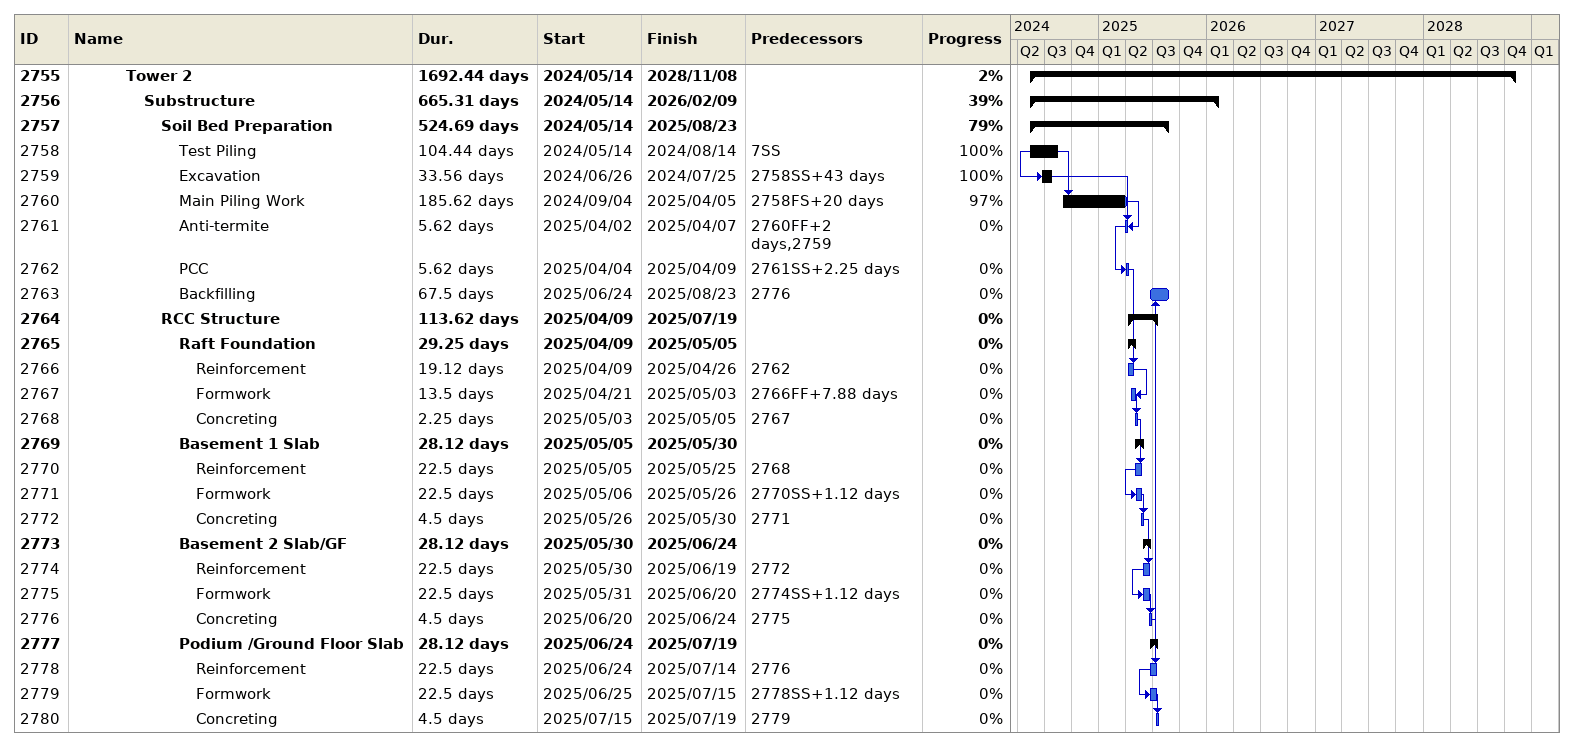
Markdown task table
| ID | Level | Task | Duration | Start | Finish | Predecessors | % complete |
|---|---|---|---|---|---|---|---|
| 2755 | 4 | **Tower 2** | 1692.44d | 2024-05-14 | 2028-11-08 |  | 2 |
| 2756 | 5 | **Substructure** | 665.31d | 2024-05-14 | 2026-02-09 |  | 39 |
| 2757 | 6 | **Soil Bed Preparation** | 524.69d | 2024-05-14 | 2025-08-23 |  | 79 |
| 2758 | 7 | Test Piling | 104.44d | 2024-05-14 | 2024-08-14 | 7SS | 100 |
| 2759 | 7 | Excavation | 33.56d | 2024-06-26 | 2024-07-25 | 2758SS+43d | 100 |
| 2760 | 7 | Main Piling Work | 185.62d | 2024-09-04 | 2025-04-05 | 2758FS+20d | 97 |
| 2761 | 7 | Anti-termite | 5.62d | 2025-04-02 | 2025-04-07 | 2760FF+2d, 2759 | 0 |
| 2762 | 7 | PCC | 5.62d | 2025-04-04 | 2025-04-09 | 2761SS+2.25d | 0 |
| 2763 | 7 | Backfilling | 67.5d | 2025-06-24 | 2025-08-23 | 2776 | 0 |
| 2764 | 6 | **RCC Structure** | 113.62d | 2025-04-09 | 2025-07-19 |  | 0 |
| 2765 | 7 | **Raft Foundation** | 29.25d | 2025-04-09 | 2025-05-05 |  | 0 |
| 2766 | 8 | Reinforcement | 19.12d | 2025-04-09 | 2025-04-26 | 2762 | 0 |
| 2767 | 8 | Formwork | 13.5d | 2025-04-21 | 2025-05-03 | 2766FF+7.88d | 0 |
| 2768 | 8 | Concreting | 2.25d | 2025-05-03 | 2025-05-05 | 2767 | 0 |
| 2769 | 7 | **Basement 1 Slab** | 28.12d | 2025-05-05 | 2025-05-30 |  | 0 |
| 2770 | 8 | Reinforcement | 22.5d | 2025-05-05 | 2025-05-25 | 2768 | 0 |
| 2771 | 8 | Formwork | 22.5d | 2025-05-06 | 2025-05-26 | 2770SS+1.12d | 0 |
| 2772 | 8 | Concreting | 4.5d | 2025-05-26 | 2025-05-30 | 2771 | 0 |
| 2773 | 7 | **Basement 2 Slab/GF** | 28.12d | 2025-05-30 | 2025-06-24 |  | 0 |
| 2774 | 8 | Reinforcement | 22.5d | 2025-05-30 | 2025-06-19 | 2772 | 0 |
| 2775 | 8 | Formwork | 22.5d | 2025-05-31 | 2025-06-20 | 2774SS+1.12d | 0 |
| 2776 | 8 | Concreting | 4.5d | 2025-06-20 | 2025-06-24 | 2775 | 0 |
| 2777 | 7 | **Podium /Ground Floor Slab** | 28.12d | 2025-06-24 | 2025-07-19 |  | 0 |
| 2778 | 8 | Reinforcement | 22.5d | 2025-06-24 | 2025-07-14 | 2776 | 0 |
| 2779 | 8 | Formwork | 22.5d | 2025-06-25 | 2025-07-15 | 2778SS+1.12d | 0 |
| 2780 | 8 | Concreting | 4.5d | 2025-07-15 | 2025-07-19 | 2779 | 0 |
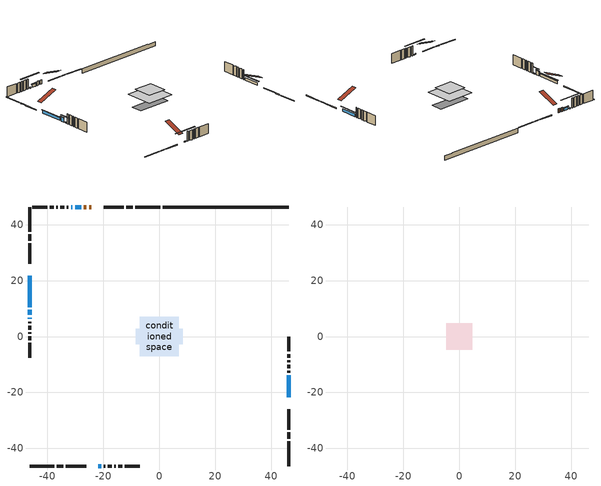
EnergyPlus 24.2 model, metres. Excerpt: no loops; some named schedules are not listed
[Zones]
conditioned space
 floor outside (Floor1 construction): -1.55,-1.55 -1.55,1.55 1.55,1.55 1.55,-1.55 z0.67
 floor adiabatic (AdiabaticFloorConstruction): -6.99,-6.99 -6.99,6.99 6.99,6.99 6.99,-6.99 z3.11
 floor foundation (Slab1 construction): -8.45,-2.84 -8.45,2.84 8.45,2.84 8.45,-2.84 z-1.62
 wall outside (RimJoist1 construction): 0.27,46.34 -8.55,46.34 / -46.34,-46.34 -37.52,-46.34 / -46.34,46.34 -46.34,37.52 / 46.34,-46.34 46.34,-37.52 z0.67:0.97
 wall outside (RimJoist2 construction): -9.48,46.34 -11.75,46.34 / -36.59,-46.34 -34.31,-46.34 / -46.34,36.59 -46.34,34.31 / 46.34,-36.59 46.34,-34.31 z0.67:0.97
 wall outside (RimJoist3 construction): -12.68,46.34 -19.95,46.34 / -33.38,-46.34 -26.12,-46.34 / -46.34,33.38 -46.34,26.12 / 46.34,-33.38 46.34,-26.12 z0.67:0.97
 wall outside (AdiabaticWallConstruction 1): -24.25,46.34 -25.13,46.34 / -26.06,46.34 -26.94,46.34 z0.67:2.7
 wall outside (AdiabaticWallConstruction): -46.34,21.81 -46.34,10.47 / 46.34,-21.81 46.34,-13.87 / -27.87,46.34 -30.14,46.34 z0.67:2.02; -46.34,9.55 -46.34,7.72 z0.67:2.75; -46.34,6.79 -46.34,6.29 / -31.06,46.34 -31.57,46.34 / -21.81,-46.34 -20.82,-46.34 z0.67:1.17
 wall outside (Wall1 construction): -32.49,46.34 -33.1,46.34 / -19.89,-46.34 -19.28,-46.34 / -46.34,5.36 -46.34,4.75 / 46.34,-12.95 46.34,-12.34 z0.67:5.55
 wall outside (Wall2 construction): -34.03,46.34 -35.36,46.34 / -18.35,-46.34 -17.02,-46.34 / -46.34,3.82 -46.34,2.49 / 46.34,-11.41 46.34,-10.08 z0.67:5.55
 wall outside (Wall3 construction): -36.29,46.34 -36.86,46.34 / -16.09,-46.34 -15.52,-46.34 / -46.34,1.56 -46.34,0.99 / 46.34,-9.15 46.34,-8.58 z0.67:5.55
 wall outside (Wall4 construction): -37.79,46.34 -39.16,46.34 / -14.59,-46.34 -13.22,-46.34 / -46.34,0.06 -46.34,-1.31 / 46.34,-7.65 46.34,-6.28 z0.67:5.55
 wall outside (Wall5 construction): -40.09,46.34 -45.41,46.34 / -12.29,-46.34 -6.97,-46.34 / -46.34,-2.24 -46.34,-7.56 / 46.34,-5.35 46.34,-0.03 z0.67:5.55
 wall foundation (FoundationWall1 construction): 1.2,46.34,-1.62 1.2,46.34,0.67 41.82,46.34,0.67 41.82,46.34,0.45 46.34,46.34,0.45 46.34,46.34,-1.62
 window (WindowConstruction): -46.34,21.81 -46.34,10.47 z0.67:2.02
 window (WindowConstruction 1): -46.34,9.54 -46.34,7.72 z0.67:2.75
 window (WindowConstruction 2): 46.34,-21.81 46.34,-13.88 z0.67:2.02
 window (WindowConstruction 3): -27.87,46.34 -30.14,46.34 z0.67:2.02
 window (WindowConstruction 4): -46.34,6.79 -46.34,6.29 z0.67:1.17
 window (WindowConstruction 5): -31.07,46.34 -31.56,46.34 z0.67:1.17
 window (WindowConstruction 6): -21.81,-46.34 -20.82,-46.34 z0.67:1.17
 door (Door): -24.25,46.34 -25.13,46.34 z0.67:2.7
 door (Door 1): -26.06,46.34 -26.94,46.34 z0.67:2.7
 ceiling adiabatic (AdiabaticFloorConstruction): 6.99,-6.99 6.99,6.99 -6.99,6.99 -6.99,-6.99 z3.11
attic - vented
 floor to conditioned space (Floor2 construction Reversed): -4.71,-4.71 -4.71,4.71 4.71,4.71 4.71,-4.71 z5.55
 roof outside (Roof1 construction): -23.33,46.34,5.55 -23.33,37.29,9.32 -20.88,37.29,9.32 -20.88,46.34,5.55; -22.74,-46.34,5.55 -22.74,-37.29,9.32 -25.19,-37.29,9.32 -25.19,-46.34,5.55; -46.34,22.74,5.55 -37.29,22.74,9.32 -37.29,25.19,9.32 -46.34,25.19,5.55; 46.34,-22.74,5.55 37.29,-22.74,9.32 37.29,-25.19,9.32 46.34,-25.19,5.55
shading: -46.34,10.17 -46.34,22.11 -46.64,22.11 -46.64,10.17 z2.32; -46.34,7.42 -46.34,9.84 -46.64,9.84 -46.64,7.42 z3.05; 46.34,-12.96 46.34,-22.72 46.64,-22.72 46.64,-12.96 z2.93; -30.44,46.34 -27.57,46.34 -27.57,46.64 -30.44,46.64 z2.32; -46.34,3.55 -46.34,9.53 -46.64,9.53 -46.64,3.55 z3.91; -37.05,46.34 -25.58,46.34 -25.58,46.64 -37.05,46.64 z6.66; -15.33,-46.34 -27.3,-46.34 -27.3,-46.64 -15.33,-46.64 z6.66
[Building]
Building 1: Terrain=Suburbs
[Site:Location]
Montreal Mirabel Intl AP_QC: Latitude {deg}=45.68; Longitude {deg}=-74.03; Time Zone {hr}=-5; Elevation {m}=82; Keep Site Location Information=Yes
[Site:GroundTemperature:Shallow]
0.642858, -1.75623, -1.94836, -0.80987, 3.76054, 8.30966, 12.2535, 14.7518, 14.9641, 12.9321, 9.08883, 4.67926
[Site:WaterMainsTemperature]
Calculation Method=Schedule; Temperature Schedule=mains temperature schedule
[Material] Roughness=Rough; Thermal Absorptance=0.9
Name | Thickness {m} | Conductivity {W/m-K} | Density {kg/m3} | Specific Heat {J/kg-K} | Solar Absorptance | Visible Absorptance
asphalt or fiberglass shingles | 0.00635 | 0.162714 | 1121.4 | 1465.45 | 0.84 | 0.84
ceiling loosefill ins | 0.254 | 0.0480833 | 16.02 | 1046.75 | 0.7 | 0.7
ceiling stud and cavity | 0.1397 | 0.143987 | 65.682 | 1177.47 | 0.7 | 0.7
concrete 4.0 in. | 0.1016 | 1.803125 | 2242.8 | 837.4 | 0.7 | 0.7
concrete 8.0 in. | 0.2032 | 1.803125 | 2242.8 | 837.4 | 0.7 | 0.7
door material | 0.04445 | 0.0451087 | 512.64 | 1214.23 | 0.7 | 0.7
exterior vertical ins | 0.0453343 | 0.029427 | 32.04 | 1214.23 | 0.7 | 0.7
floor covering | 0.0127 | 0.0433444 | 54.468 | 1339.84 | 0.6 | 0.6
floor rigid ins; rim joist rigid ins; wall rigid ins | 0.051816 | 0.029427 | 32.04 | 1214.23 | 0.7 | 0.7
floor rigid ins 1; wall rigid ins 1 | 0.512978 | 0.029427 | 32.04 | 1214.23 | 0.7 | 0.7
floor stud and cavity | 0.1397 | 0.105474 | 92.3553 | 1139.71 | 0.7 | 0.7
floor stud and cavity 1 | 0.1397 | 1.75129 | 37.0049 | 1207.88 | 0.7 | 0.7
furniture material conditioned space 1 | 0.1524 | 0.115458 | 640.8 | 1214.23 | 0.6 | 0.6
gypsum board | 0.0127 | 0.160291 | 801 | 837.4 | 0.6 | 0.6
gypsum board 1 | 0.0127 | 0.160291 | 801 | 837.4 | 0.7 | 0.7
osb sheathing 0.5 in. | 0.0127 | 0.115458 | 512.64 | 1214.23 | 0.7 | 0.7
osb sheathing 0.75 in. | 0.01905 | 0.115458 | 512.64 | 1214.23 | 0.7 | 0.7
osb sheathing 2.0 in. | 0.0508 | 0.115458 | 512.64 | 1214.23 | 0.7 | 0.7
rim joist stud and cavity | 0.0508 | 0.0278588 | 125.044 | 1163.47 | 0.6 | 0.6
rim joist stud and cavity 1 | 0.0508 | 0.159763 | 125.044 | 1163.47 | 0.6 | 0.6
wall stud and cavity | 0.1397 | 0.148021 | 139.0536 | 1170.24 | 0.7 | 0.7
wall stud and cavity 1 | 0.1397 | 0.202915 | 139.0536 | 1170.24 | 0.7 | 0.7
wall stud and cavity 2 | 0.1397 | 0.153164 | 139.0536 | 1170.24 | 0.7 | 0.7
wall stud and cavity 3 | 0.1397 | 0.0975873 | 139.0536 | 1170.24 | 0.7 | 0.7
wall stud and cavity 4 | 0.1397 | 0.18494 | 139.0536 | 1170.24 | 0.7 | 0.7
wall stud and cavity 5 | 0.0889 | 0.380278 | 52.3479 | 1209.89 | 0.7 | 0.7
wall stud and cavity 6 | 0.0889 | 0.391764 | 83.0341 | 1211.67 | 0.7 | 0.7
wood siding | 0.0254 | 0.102417 | 544.68 | 1172.36 | 0 | 0
wood siding 1; wood siding 2; wood siding 3 | 0.0254 | 0.102417 | 544.68 | 1172.36 | 0.7 | 0.7
[WindowMaterial:SimpleGlazingSystem]
Name | U-Factor {W/m2-K} | Solar Heat Gain Coefficient
WindowMaterial | 2.93382 | 0.6
WindowMaterial 1 | 2.97414 | 0.6
WindowMaterial 2 | 3.09508 | 0.33
[Construction]
AdiabaticFloorConstruction: floor stud and cavity 1, floor rigid ins 1, osb sheathing 0.75 in., floor covering
AdiabaticWallConstruction: wood siding 2, wall rigid ins 1, wall stud and cavity 5, gypsum board
AdiabaticWallConstruction 1: wood siding 3, wall rigid ins 1, wall stud and cavity 5, gypsum board
Door; Door 1: door material
Floor1 construction: floor stud and cavity, floor rigid ins, osb sheathing 0.75 in., floor covering
Floor2 construction Reversed: gypsum board, ceiling stud and cavity, ceiling loosefill ins
FoundationWall1 construction: concrete 8.0 in., gypsum board 1
furniture construction conditioned space 1: furniture material conditioned space 1
PartitionWallConstruction: gypsum board, wall stud and cavity 6, gypsum board
RimJoist1 construction; RimJoist3 construction: wood siding 1, osb sheathing 2.0 in., rim joist stud and cavity
RimJoist2 construction: wood siding 1, rim joist rigid ins, osb sheathing 2.0 in., rim joist stud and cavity 1
Roof1 construction: asphalt or fiberglass shingles
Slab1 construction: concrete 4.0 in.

Your assignment: From the listing above, the lines starting with the one that has "Montreal Mirabel Intl" and running through the one that has "floor covering |" should be copied exactly, ends included.

Solution:
Montreal Mirabel Intl AP_QC: Latitude {deg}=45.68; Longitude {deg}=-74.03; Time Zone {hr}=-5; Elevation {m}=82; Keep Site Location Information=Yes
[Site:GroundTemperature:Shallow]
0.642858, -1.75623, -1.94836, -0.80987, 3.76054, 8.30966, 12.2535, 14.7518, 14.9641, 12.9321, 9.08883, 4.67926
[Site:WaterMainsTemperature]
Calculation Method=Schedule; Temperature Schedule=mains temperature schedule
[Material] Roughness=Rough; Thermal Absorptance=0.9
Name | Thickness {m} | Conductivity {W/m-K} | Density {kg/m3} | Specific Heat {J/kg-K} | Solar Absorptance | Visible Absorptance
asphalt or fiberglass shingles | 0.00635 | 0.162714 | 1121.4 | 1465.45 | 0.84 | 0.84
ceiling loosefill ins | 0.254 | 0.0480833 | 16.02 | 1046.75 | 0.7 | 0.7
ceiling stud and cavity | 0.1397 | 0.143987 | 65.682 | 1177.47 | 0.7 | 0.7
concrete 4.0 in. | 0.1016 | 1.803125 | 2242.8 | 837.4 | 0.7 | 0.7
concrete 8.0 in. | 0.2032 | 1.803125 | 2242.8 | 837.4 | 0.7 | 0.7
door material | 0.04445 | 0.0451087 | 512.64 | 1214.23 | 0.7 | 0.7
exterior vertical ins | 0.0453343 | 0.029427 | 32.04 | 1214.23 | 0.7 | 0.7
floor covering | 0.0127 | 0.0433444 | 54.468 | 1339.84 | 0.6 | 0.6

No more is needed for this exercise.